§ TASK TO COMPLETE:
A verbatim reproduction of the lines below, from the line containing "note: Temperatura" through the line containing "Transfer Fcn : TransferFcn", both ends included, is the whole required output.
#### ENTRIES PROVIDED ####
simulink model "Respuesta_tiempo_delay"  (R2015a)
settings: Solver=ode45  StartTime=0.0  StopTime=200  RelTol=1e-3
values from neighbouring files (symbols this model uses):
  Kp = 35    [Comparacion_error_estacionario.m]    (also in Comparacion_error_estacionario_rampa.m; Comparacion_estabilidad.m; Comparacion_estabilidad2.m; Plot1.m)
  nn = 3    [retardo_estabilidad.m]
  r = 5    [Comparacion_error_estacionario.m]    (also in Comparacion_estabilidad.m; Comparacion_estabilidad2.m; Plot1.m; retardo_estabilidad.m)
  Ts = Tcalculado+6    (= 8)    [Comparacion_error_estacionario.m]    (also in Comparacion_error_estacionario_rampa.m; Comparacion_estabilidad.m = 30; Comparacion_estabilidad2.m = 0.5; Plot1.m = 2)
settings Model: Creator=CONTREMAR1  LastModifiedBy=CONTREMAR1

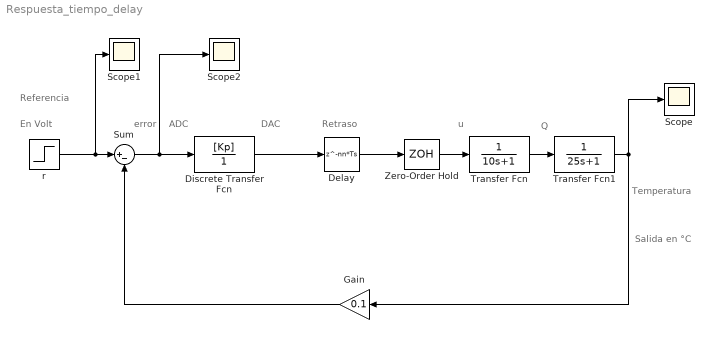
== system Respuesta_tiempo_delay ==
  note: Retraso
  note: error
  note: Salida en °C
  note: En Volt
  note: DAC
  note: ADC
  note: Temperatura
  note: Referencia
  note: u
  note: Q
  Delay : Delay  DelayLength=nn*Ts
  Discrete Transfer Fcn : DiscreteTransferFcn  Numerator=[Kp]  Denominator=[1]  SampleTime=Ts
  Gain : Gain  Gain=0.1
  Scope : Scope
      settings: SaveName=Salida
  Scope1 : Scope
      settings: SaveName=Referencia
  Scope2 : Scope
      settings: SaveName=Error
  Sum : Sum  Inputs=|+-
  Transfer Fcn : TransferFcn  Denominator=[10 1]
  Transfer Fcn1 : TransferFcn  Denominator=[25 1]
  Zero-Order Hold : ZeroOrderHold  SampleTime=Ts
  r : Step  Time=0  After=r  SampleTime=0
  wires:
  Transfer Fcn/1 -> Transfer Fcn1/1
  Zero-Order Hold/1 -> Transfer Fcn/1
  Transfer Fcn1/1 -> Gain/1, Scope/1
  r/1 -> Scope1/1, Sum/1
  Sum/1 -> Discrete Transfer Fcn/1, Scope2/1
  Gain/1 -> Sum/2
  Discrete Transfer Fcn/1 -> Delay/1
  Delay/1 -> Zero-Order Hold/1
####
§ ANSWER BOX:
  note: Temperatura
  note: Referencia
  note: u
  note: Q
  Delay : Delay  DelayLength=nn*Ts
  Discrete Transfer Fcn : DiscreteTransferFcn  Numerator=[Kp]  Denominator=[1]  SampleTime=Ts
  Gain : Gain  Gain=0.1
  Scope : Scope
      settings: SaveName=Salida
  Scope1 : Scope
      settings: SaveName=Referencia
  Scope2 : Scope
      settings: SaveName=Error
  Sum : Sum  Inputs=|+-
  Transfer Fcn : TransferFcn  Denominator=[10 1]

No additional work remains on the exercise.